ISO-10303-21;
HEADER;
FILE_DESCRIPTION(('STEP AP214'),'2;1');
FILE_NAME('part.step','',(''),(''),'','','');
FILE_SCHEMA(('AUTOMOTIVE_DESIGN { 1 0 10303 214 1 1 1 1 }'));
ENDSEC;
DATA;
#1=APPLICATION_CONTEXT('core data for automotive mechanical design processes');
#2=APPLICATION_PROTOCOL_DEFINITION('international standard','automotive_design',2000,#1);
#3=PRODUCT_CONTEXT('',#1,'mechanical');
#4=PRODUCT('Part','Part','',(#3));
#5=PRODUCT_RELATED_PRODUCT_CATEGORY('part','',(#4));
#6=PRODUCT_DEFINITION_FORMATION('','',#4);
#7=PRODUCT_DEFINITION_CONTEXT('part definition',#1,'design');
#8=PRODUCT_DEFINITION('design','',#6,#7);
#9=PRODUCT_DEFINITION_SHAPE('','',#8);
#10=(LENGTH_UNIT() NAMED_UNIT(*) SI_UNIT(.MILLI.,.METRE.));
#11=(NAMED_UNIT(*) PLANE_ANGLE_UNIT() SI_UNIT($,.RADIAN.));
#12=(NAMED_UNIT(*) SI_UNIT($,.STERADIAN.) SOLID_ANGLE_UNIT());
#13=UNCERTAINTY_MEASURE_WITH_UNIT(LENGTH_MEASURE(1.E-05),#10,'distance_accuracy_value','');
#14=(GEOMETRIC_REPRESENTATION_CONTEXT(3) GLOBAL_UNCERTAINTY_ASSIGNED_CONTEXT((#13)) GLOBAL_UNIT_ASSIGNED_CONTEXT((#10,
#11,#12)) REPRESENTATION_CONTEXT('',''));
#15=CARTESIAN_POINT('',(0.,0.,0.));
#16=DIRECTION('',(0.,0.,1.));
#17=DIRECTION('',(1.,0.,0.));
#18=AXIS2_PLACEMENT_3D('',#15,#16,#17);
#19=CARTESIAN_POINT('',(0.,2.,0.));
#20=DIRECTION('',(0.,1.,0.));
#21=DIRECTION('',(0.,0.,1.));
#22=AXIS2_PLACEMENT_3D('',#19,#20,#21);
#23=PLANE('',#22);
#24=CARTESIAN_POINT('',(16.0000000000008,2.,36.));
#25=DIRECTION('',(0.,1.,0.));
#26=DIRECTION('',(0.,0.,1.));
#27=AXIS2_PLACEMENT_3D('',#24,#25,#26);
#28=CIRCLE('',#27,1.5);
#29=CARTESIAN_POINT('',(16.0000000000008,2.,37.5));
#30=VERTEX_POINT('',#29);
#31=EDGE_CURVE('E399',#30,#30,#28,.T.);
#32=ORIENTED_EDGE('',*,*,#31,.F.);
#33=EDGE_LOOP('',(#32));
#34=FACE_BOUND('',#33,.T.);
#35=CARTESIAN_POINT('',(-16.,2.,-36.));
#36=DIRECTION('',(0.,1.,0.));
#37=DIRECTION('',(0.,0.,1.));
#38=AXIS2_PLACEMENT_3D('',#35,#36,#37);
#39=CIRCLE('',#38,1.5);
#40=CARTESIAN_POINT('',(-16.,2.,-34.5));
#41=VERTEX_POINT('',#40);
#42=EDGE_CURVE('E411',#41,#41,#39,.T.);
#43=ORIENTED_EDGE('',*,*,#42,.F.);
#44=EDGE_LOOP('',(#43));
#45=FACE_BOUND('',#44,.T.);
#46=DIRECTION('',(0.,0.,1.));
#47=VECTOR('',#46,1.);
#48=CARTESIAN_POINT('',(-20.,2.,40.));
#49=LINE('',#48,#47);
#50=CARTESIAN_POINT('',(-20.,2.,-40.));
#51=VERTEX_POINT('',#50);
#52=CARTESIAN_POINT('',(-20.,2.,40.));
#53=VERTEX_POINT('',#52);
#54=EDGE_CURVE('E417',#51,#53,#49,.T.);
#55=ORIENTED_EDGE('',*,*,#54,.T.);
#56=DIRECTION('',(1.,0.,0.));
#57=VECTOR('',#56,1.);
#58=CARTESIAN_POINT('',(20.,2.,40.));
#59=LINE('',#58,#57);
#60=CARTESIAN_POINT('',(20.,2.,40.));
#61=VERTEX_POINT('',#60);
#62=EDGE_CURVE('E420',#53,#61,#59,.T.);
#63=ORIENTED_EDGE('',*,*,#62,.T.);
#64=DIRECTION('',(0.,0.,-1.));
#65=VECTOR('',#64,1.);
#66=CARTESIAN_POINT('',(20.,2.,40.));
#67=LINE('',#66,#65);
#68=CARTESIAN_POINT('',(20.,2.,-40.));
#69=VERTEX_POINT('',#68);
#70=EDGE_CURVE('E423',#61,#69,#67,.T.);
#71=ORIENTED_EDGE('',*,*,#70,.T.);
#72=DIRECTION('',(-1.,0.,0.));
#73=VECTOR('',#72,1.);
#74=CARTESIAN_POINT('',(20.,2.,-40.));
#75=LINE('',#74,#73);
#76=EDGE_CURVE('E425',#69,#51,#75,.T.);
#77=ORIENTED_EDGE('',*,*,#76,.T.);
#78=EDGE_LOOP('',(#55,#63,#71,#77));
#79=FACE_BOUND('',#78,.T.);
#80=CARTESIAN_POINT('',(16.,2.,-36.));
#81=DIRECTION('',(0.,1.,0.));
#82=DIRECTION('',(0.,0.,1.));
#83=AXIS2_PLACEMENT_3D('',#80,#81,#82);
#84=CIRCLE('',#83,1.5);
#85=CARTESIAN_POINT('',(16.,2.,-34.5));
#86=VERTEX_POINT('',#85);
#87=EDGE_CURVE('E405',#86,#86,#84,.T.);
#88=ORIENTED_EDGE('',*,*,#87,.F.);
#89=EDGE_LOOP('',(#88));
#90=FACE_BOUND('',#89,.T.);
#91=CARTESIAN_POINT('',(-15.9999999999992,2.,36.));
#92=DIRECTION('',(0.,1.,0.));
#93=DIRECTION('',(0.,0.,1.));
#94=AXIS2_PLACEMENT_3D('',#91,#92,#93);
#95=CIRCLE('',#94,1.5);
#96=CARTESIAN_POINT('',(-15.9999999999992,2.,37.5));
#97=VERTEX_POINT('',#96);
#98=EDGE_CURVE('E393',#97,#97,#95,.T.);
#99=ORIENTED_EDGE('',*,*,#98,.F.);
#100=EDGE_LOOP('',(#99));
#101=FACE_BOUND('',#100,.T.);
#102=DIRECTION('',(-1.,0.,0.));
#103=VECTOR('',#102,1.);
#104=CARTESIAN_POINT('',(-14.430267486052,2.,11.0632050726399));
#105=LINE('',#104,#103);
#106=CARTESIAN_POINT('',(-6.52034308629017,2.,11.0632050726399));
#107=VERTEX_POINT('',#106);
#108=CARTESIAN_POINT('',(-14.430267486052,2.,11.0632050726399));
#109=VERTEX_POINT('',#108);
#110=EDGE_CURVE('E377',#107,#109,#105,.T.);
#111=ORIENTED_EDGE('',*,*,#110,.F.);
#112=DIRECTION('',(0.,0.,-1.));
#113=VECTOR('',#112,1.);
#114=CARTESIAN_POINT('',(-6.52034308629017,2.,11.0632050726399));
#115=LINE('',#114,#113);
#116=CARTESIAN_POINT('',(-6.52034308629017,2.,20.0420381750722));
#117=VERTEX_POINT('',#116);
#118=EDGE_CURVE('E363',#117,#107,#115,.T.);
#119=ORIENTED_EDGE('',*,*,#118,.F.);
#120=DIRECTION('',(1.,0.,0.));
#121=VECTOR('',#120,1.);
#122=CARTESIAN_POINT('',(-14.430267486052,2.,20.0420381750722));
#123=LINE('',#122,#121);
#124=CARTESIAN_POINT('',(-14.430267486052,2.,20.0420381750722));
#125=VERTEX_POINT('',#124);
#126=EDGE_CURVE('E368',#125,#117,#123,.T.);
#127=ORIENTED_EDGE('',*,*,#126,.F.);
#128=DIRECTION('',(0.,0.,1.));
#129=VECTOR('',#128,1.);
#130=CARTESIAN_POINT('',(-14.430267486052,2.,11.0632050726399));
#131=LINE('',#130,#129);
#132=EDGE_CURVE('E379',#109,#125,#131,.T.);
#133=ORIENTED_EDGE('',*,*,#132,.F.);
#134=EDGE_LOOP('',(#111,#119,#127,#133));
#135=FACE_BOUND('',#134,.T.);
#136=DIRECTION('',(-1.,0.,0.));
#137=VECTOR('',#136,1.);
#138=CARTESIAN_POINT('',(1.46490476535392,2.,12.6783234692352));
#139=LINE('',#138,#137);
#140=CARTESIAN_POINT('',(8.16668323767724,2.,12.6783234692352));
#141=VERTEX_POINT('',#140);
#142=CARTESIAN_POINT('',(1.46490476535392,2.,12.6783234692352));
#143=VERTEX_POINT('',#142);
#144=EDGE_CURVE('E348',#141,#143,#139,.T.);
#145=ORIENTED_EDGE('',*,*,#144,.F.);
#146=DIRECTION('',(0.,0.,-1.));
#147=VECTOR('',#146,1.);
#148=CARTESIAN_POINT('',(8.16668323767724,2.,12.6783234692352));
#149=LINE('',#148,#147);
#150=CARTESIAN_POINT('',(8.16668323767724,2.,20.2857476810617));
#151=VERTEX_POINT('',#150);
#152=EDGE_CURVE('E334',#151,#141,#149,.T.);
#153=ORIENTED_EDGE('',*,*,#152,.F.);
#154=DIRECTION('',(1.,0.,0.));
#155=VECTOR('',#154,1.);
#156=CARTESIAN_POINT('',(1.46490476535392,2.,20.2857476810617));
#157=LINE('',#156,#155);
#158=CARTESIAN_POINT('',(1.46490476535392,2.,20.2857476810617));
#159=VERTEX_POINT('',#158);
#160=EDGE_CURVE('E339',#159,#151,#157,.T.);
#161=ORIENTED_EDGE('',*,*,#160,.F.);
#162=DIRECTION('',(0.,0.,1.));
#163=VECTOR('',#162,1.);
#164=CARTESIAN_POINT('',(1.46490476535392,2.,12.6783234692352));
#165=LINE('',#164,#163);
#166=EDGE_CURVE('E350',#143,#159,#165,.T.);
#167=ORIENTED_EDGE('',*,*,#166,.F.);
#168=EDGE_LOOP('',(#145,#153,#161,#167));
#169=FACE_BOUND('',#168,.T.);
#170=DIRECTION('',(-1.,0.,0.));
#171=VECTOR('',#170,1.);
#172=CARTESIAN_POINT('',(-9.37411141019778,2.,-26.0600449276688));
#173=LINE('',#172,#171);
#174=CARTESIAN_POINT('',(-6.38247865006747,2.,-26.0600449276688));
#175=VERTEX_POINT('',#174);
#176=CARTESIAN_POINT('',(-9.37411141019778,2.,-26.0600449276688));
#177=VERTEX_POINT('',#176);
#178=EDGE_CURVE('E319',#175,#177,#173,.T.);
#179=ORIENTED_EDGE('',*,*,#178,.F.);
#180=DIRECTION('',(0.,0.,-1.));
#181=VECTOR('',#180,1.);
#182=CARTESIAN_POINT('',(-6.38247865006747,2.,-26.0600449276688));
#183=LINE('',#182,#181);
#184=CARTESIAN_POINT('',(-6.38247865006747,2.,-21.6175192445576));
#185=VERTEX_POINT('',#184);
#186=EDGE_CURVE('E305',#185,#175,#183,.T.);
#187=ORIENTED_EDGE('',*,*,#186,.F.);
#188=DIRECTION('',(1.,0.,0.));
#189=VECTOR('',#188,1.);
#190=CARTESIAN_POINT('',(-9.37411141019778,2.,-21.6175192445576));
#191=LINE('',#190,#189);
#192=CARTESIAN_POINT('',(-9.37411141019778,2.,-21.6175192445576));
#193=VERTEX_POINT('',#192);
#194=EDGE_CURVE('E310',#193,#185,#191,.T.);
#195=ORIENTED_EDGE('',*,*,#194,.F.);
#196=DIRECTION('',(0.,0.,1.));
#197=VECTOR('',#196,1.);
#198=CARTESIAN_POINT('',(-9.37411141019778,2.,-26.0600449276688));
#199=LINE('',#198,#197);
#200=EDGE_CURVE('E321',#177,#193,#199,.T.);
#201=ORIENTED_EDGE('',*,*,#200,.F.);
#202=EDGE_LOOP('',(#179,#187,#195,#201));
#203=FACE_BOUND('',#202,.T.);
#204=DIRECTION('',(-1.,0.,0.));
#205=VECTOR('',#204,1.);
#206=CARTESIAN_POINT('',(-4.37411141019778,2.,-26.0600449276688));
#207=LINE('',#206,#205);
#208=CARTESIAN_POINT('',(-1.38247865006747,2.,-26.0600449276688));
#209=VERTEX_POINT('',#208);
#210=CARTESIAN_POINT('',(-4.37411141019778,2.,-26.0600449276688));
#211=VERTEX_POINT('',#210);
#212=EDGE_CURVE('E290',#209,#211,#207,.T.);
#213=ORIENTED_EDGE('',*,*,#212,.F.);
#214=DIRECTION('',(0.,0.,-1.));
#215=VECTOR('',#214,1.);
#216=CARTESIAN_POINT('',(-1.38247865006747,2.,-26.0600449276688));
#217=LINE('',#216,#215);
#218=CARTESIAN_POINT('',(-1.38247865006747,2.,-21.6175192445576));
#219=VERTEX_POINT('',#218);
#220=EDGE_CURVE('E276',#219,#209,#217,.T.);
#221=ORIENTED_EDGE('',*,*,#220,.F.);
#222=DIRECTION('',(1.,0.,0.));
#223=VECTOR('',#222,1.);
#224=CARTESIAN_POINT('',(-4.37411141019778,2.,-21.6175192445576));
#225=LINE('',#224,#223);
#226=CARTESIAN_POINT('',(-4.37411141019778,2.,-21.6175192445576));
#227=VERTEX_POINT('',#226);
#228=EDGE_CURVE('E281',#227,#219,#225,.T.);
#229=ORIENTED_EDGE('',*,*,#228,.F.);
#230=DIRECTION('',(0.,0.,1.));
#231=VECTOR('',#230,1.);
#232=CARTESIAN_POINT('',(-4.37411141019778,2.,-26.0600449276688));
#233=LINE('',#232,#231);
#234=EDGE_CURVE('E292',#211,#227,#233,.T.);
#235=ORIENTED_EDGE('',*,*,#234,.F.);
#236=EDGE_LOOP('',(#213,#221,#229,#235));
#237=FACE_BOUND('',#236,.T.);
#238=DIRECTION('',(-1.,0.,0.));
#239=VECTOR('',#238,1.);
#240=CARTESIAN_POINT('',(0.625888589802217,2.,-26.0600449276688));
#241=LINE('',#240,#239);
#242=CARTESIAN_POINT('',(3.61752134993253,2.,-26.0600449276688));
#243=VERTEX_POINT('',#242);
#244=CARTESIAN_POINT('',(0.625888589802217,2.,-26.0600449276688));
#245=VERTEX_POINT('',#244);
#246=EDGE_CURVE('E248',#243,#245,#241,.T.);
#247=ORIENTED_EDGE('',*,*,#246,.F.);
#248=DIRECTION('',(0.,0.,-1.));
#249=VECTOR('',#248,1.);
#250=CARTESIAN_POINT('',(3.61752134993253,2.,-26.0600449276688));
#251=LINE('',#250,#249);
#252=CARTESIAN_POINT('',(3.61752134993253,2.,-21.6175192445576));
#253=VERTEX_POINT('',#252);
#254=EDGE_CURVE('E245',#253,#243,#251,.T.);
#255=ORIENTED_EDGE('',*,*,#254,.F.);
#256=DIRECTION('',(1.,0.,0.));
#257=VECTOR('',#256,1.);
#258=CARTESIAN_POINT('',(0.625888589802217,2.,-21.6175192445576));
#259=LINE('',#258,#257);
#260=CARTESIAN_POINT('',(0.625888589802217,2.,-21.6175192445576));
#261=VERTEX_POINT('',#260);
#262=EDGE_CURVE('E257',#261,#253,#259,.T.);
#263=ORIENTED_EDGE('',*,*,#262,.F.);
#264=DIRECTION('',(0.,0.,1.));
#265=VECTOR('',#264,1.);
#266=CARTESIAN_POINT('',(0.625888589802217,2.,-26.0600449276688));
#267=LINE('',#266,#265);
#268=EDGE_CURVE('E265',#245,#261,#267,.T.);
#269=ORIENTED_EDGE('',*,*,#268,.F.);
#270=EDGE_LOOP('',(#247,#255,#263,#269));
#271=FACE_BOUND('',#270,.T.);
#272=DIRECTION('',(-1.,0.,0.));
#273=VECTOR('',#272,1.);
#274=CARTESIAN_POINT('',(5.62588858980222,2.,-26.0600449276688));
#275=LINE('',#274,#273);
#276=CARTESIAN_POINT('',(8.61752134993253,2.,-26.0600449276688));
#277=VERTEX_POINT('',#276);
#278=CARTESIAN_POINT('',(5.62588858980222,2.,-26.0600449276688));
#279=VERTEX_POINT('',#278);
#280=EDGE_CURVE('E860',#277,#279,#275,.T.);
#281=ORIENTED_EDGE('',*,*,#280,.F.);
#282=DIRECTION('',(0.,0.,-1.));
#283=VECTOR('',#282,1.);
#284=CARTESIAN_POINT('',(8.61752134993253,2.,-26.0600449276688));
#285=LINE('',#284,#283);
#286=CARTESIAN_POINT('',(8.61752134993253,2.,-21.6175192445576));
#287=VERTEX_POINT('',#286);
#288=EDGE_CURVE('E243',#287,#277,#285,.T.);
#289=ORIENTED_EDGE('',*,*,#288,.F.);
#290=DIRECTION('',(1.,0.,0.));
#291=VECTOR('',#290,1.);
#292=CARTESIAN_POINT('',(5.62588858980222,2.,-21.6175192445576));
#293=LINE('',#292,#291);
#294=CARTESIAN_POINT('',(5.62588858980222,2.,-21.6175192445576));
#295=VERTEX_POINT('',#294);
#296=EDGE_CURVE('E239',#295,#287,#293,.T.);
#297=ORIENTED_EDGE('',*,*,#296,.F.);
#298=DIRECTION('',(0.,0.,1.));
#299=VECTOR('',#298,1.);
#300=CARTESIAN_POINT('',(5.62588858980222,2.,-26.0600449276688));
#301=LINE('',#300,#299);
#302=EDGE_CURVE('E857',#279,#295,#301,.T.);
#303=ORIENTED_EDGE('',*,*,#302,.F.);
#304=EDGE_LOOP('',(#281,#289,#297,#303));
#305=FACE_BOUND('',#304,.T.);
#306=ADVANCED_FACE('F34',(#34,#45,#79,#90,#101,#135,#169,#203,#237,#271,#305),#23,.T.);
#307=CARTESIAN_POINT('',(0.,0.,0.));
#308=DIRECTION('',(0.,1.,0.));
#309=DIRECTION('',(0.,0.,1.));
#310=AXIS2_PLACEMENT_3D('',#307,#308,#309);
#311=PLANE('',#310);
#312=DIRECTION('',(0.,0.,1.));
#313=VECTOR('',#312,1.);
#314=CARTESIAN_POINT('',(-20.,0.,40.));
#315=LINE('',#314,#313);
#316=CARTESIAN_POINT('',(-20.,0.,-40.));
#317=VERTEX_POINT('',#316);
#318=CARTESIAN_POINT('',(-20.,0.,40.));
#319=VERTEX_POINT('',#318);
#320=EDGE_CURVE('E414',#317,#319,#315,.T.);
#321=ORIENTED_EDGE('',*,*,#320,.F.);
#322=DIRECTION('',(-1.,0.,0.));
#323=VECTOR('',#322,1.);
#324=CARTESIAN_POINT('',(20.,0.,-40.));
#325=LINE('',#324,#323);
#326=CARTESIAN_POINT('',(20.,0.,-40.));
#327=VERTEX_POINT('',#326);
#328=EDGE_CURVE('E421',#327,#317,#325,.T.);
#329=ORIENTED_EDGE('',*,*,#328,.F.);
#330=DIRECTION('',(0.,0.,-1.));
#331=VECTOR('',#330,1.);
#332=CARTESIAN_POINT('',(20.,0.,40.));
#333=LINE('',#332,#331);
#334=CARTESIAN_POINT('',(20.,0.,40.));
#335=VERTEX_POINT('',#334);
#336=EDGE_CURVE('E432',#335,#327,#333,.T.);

[WORK ITEM] Only one stretch of the entries above is wanted: the lines from the one containing "#77=ORIENTED_EDGE('',*,*,#76,.T.);" through the one containing "#104=CARTESIAN_POINT('',(-14.430267486052,2.,11.0632050726399));". Please reproduce it exactly.

[EXERCISE OUTPUT]
#77=ORIENTED_EDGE('',*,*,#76,.T.);
#78=EDGE_LOOP('',(#55,#63,#71,#77));
#79=FACE_BOUND('',#78,.T.);
#80=CARTESIAN_POINT('',(16.,2.,-36.));
#81=DIRECTION('',(0.,1.,0.));
#82=DIRECTION('',(0.,0.,1.));
#83=AXIS2_PLACEMENT_3D('',#80,#81,#82);
#84=CIRCLE('',#83,1.5);
#85=CARTESIAN_POINT('',(16.,2.,-34.5));
#86=VERTEX_POINT('',#85);
#87=EDGE_CURVE('E405',#86,#86,#84,.T.);
#88=ORIENTED_EDGE('',*,*,#87,.F.);
#89=EDGE_LOOP('',(#88));
#90=FACE_BOUND('',#89,.T.);
#91=CARTESIAN_POINT('',(-15.9999999999992,2.,36.));
#92=DIRECTION('',(0.,1.,0.));
#93=DIRECTION('',(0.,0.,1.));
#94=AXIS2_PLACEMENT_3D('',#91,#92,#93);
#95=CIRCLE('',#94,1.5);
#96=CARTESIAN_POINT('',(-15.9999999999992,2.,37.5));
#97=VERTEX_POINT('',#96);
#98=EDGE_CURVE('E393',#97,#97,#95,.T.);
#99=ORIENTED_EDGE('',*,*,#98,.F.);
#100=EDGE_LOOP('',(#99));
#101=FACE_BOUND('',#100,.T.);
#102=DIRECTION('',(-1.,0.,0.));
#103=VECTOR('',#102,1.);
#104=CARTESIAN_POINT('',(-14.430267486052,2.,11.0632050726399));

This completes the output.